### [Task brief]
From the records below, output exactly the lines running from the line containing "Gain/1 -> Scope1/1" through the line containing "Constant3/1 -> Display1/1", and no others.

### [Given records]
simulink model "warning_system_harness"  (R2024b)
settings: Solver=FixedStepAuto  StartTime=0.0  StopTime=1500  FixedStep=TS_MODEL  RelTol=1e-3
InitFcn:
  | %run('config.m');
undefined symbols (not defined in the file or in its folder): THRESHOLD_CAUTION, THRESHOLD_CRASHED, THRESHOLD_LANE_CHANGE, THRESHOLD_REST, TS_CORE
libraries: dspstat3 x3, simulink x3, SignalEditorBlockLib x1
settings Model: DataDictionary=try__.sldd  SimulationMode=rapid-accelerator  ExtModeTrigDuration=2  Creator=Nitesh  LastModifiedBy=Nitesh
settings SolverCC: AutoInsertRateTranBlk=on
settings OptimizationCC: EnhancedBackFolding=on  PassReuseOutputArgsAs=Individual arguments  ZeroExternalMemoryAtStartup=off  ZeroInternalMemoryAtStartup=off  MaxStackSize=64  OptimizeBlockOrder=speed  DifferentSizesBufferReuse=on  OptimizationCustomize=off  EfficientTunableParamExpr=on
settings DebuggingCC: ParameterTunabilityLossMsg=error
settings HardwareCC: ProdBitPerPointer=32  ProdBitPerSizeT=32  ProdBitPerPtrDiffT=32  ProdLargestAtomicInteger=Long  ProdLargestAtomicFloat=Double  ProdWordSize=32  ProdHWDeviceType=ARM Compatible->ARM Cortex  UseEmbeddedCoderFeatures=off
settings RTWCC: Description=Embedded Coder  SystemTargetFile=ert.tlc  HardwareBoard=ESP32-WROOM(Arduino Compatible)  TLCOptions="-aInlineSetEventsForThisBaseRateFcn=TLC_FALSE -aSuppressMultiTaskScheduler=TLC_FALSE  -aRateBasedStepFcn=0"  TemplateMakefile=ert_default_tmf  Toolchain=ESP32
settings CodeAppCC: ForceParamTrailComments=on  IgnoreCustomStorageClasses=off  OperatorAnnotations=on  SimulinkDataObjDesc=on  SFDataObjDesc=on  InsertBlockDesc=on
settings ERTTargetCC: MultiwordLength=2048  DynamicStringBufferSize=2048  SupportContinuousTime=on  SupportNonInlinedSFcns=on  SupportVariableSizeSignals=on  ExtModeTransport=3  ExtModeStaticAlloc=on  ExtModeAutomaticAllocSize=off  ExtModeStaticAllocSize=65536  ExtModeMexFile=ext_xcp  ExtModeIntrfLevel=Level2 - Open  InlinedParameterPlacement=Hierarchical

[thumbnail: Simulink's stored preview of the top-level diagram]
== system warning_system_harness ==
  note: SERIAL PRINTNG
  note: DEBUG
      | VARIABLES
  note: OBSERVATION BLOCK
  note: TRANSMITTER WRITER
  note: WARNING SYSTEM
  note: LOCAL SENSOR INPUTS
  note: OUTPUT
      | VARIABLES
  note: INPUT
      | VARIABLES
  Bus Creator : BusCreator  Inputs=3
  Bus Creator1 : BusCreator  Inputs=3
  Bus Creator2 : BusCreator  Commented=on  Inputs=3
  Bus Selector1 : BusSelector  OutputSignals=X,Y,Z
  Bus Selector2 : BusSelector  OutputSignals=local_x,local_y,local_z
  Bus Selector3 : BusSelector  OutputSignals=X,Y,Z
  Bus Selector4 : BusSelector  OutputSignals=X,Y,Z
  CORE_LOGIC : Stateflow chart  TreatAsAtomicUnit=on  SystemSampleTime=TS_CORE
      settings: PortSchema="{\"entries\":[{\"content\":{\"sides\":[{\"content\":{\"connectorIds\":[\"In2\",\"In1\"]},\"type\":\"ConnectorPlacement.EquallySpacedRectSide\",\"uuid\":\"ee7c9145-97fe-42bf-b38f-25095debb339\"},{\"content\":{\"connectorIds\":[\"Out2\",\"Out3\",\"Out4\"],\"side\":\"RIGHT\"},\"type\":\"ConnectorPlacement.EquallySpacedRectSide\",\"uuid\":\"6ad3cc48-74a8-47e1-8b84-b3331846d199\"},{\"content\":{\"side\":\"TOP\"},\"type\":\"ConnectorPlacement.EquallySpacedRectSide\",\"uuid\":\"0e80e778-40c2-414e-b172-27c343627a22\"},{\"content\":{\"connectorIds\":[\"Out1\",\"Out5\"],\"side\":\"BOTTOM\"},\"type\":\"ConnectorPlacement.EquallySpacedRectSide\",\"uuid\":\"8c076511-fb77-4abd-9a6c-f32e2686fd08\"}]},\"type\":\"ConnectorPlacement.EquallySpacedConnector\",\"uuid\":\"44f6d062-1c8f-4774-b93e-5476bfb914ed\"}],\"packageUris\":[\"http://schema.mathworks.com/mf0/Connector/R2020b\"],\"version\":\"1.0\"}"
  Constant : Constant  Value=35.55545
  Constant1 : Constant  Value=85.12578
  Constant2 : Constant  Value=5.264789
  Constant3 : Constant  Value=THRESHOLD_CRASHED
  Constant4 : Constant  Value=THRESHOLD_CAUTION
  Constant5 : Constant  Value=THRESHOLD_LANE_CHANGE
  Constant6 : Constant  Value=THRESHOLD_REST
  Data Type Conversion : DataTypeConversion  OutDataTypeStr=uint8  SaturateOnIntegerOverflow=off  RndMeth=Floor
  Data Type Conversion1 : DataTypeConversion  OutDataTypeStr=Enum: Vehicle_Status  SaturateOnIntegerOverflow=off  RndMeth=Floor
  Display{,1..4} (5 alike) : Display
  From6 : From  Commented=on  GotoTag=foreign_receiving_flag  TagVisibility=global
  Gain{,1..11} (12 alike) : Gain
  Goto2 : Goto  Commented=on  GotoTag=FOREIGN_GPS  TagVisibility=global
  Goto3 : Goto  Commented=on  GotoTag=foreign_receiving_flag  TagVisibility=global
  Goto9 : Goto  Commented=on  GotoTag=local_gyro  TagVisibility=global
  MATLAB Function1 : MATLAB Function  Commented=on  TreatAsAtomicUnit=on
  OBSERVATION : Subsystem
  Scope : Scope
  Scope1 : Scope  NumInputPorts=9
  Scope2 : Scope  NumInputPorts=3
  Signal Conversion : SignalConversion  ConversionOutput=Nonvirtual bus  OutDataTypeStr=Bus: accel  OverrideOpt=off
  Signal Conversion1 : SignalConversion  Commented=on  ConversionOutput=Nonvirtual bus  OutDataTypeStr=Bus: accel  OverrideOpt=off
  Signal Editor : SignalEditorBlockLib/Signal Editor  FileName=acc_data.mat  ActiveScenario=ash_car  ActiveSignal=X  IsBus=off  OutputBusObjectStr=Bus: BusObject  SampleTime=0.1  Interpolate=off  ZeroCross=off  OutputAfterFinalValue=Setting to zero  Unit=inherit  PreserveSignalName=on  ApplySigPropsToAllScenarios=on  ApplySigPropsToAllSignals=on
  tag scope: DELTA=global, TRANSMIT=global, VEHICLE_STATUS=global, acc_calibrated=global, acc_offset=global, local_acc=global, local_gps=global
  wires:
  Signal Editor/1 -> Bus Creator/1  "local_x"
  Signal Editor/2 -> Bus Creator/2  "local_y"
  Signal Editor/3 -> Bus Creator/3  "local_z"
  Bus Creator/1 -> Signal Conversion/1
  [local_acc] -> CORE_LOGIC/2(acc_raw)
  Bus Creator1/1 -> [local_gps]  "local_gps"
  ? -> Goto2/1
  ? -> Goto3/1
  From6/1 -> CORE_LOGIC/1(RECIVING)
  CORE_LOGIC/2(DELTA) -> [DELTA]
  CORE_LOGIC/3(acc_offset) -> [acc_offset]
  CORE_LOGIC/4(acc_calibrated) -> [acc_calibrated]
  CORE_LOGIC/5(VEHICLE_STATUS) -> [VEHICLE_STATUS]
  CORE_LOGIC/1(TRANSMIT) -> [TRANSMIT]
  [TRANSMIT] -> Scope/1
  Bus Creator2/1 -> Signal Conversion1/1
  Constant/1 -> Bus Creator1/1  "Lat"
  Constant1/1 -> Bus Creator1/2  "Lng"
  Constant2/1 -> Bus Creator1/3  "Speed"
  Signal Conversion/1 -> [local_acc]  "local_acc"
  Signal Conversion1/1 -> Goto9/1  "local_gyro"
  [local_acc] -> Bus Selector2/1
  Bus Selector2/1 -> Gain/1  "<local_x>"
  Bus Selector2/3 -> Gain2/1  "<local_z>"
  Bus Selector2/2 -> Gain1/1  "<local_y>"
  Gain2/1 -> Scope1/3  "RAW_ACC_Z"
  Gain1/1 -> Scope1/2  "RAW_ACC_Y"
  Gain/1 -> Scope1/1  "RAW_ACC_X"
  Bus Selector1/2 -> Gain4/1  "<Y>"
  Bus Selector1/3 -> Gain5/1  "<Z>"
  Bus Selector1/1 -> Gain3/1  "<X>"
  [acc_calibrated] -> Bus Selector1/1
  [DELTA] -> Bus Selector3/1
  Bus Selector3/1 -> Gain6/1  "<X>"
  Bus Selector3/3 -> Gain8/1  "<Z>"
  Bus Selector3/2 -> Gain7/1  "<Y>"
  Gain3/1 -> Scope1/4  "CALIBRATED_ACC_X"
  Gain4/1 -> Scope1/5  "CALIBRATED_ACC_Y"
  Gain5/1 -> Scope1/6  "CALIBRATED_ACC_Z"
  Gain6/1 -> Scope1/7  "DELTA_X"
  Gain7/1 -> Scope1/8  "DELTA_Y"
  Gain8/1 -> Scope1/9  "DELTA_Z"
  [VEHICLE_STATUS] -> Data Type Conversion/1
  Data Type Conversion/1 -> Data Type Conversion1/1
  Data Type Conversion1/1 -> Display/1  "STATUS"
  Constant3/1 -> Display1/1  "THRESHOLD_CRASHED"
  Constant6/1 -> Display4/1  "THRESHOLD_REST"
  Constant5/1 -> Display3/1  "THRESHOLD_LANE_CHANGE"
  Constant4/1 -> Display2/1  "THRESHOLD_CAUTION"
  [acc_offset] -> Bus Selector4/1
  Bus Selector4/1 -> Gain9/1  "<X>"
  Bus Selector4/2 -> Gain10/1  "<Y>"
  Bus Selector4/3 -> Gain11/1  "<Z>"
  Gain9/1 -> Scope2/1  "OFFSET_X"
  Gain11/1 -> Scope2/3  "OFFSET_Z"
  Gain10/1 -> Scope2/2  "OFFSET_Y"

### [Task solution]
  Gain/1 -> Scope1/1  "RAW_ACC_X"
  Bus Selector1/2 -> Gain4/1  "<Y>"
  Bus Selector1/3 -> Gain5/1  "<Z>"
  Bus Selector1/1 -> Gain3/1  "<X>"
  [acc_calibrated] -> Bus Selector1/1
  [DELTA] -> Bus Selector3/1
  Bus Selector3/1 -> Gain6/1  "<X>"
  Bus Selector3/3 -> Gain8/1  "<Z>"
  Bus Selector3/2 -> Gain7/1  "<Y>"
  Gain3/1 -> Scope1/4  "CALIBRATED_ACC_X"
  Gain4/1 -> Scope1/5  "CALIBRATED_ACC_Y"
  Gain5/1 -> Scope1/6  "CALIBRATED_ACC_Z"
  Gain6/1 -> Scope1/7  "DELTA_X"
  Gain7/1 -> Scope1/8  "DELTA_Y"
  Gain8/1 -> Scope1/9  "DELTA_Z"
  [VEHICLE_STATUS] -> Data Type Conversion/1
  Data Type Conversion/1 -> Data Type Conversion1/1
  Data Type Conversion1/1 -> Display/1  "STATUS"
  Constant3/1 -> Display1/1  "THRESHOLD_CRASHED"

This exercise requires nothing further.